** WORK TO COMPLETE **
Your result should be the lines holding the word "continued", copied from the entries below.

Stored data
--------------------

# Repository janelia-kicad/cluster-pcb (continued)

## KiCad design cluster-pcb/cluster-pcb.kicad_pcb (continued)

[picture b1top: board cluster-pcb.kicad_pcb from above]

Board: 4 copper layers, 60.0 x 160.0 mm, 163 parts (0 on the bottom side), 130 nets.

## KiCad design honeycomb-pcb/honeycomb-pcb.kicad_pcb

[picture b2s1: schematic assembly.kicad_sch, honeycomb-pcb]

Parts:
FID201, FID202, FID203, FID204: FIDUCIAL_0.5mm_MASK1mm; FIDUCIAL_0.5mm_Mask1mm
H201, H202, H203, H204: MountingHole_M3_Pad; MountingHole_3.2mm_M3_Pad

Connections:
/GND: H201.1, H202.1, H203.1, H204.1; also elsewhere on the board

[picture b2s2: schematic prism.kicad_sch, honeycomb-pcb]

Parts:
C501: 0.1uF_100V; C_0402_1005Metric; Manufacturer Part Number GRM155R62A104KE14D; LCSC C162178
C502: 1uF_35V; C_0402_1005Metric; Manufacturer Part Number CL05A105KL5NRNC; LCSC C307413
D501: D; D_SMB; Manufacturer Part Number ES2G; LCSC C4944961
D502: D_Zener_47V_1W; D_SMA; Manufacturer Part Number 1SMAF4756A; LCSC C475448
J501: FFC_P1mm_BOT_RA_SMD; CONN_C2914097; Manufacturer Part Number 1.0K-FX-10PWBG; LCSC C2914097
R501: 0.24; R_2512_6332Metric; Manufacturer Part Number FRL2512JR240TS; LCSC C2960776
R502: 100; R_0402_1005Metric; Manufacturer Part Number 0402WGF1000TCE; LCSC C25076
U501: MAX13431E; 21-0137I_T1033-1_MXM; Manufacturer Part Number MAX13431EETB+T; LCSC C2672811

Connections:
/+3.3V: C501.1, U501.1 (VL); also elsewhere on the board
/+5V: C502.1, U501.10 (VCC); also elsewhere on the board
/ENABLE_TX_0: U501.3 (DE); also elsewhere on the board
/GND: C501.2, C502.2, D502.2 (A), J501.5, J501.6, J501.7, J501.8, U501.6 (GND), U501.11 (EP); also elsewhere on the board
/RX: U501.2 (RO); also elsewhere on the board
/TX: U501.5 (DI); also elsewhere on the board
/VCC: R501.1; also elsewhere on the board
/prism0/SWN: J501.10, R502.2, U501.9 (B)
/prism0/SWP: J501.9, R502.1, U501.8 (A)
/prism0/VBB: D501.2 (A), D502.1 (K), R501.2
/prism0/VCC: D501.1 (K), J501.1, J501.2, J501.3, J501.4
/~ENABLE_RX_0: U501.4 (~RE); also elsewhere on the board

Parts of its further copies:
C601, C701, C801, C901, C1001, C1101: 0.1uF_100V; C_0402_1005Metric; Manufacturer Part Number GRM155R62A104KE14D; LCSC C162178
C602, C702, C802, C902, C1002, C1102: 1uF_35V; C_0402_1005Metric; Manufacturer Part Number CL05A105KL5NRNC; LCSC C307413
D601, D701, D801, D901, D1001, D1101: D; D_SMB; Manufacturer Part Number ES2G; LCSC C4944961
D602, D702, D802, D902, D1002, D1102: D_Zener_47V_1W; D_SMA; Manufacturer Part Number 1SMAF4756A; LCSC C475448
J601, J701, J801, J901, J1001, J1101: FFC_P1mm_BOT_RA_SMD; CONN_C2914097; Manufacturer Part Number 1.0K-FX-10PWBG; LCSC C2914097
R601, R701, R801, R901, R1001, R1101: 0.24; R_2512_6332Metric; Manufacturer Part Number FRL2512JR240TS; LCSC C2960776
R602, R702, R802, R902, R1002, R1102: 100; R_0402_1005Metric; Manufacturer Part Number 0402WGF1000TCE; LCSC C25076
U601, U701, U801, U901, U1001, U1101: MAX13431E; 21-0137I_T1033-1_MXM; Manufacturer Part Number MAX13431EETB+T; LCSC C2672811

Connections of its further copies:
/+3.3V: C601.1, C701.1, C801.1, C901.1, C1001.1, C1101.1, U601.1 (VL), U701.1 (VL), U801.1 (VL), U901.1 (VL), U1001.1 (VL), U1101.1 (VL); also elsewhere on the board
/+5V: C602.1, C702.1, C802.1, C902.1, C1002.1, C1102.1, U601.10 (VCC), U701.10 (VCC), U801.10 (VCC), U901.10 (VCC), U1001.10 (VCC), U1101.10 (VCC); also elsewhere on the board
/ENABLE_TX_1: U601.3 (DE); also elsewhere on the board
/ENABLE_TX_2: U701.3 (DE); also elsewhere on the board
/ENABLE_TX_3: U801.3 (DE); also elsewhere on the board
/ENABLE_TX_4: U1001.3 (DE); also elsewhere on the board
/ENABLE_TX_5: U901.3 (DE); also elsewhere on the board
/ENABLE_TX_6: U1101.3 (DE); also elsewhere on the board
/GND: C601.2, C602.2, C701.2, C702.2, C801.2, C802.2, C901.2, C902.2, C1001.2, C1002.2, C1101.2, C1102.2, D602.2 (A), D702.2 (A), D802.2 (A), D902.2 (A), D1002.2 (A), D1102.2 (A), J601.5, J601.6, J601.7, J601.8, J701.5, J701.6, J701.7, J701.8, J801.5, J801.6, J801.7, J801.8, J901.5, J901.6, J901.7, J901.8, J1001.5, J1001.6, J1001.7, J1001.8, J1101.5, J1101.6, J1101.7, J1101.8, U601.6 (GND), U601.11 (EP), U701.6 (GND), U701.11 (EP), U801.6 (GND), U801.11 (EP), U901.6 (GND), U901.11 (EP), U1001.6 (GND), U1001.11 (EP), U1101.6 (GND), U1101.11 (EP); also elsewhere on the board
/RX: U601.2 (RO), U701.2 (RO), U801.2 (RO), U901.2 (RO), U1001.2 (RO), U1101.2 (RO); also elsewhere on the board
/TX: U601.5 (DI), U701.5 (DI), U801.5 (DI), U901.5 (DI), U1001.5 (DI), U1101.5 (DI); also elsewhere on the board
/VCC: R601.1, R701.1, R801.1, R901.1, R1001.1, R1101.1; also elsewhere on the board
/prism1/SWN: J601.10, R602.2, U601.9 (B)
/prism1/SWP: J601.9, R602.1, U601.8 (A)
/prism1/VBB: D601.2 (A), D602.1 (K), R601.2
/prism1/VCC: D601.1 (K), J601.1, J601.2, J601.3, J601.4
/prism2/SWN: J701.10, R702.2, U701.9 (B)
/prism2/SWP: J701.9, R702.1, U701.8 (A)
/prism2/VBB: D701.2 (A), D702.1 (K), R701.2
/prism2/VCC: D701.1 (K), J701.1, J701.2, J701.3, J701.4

--------------------

** WRITTEN ANSWER **
# Repository janelia-kicad/cluster-pcb (continued)
## KiCad design cluster-pcb/cluster-pcb.kicad_pcb (continued)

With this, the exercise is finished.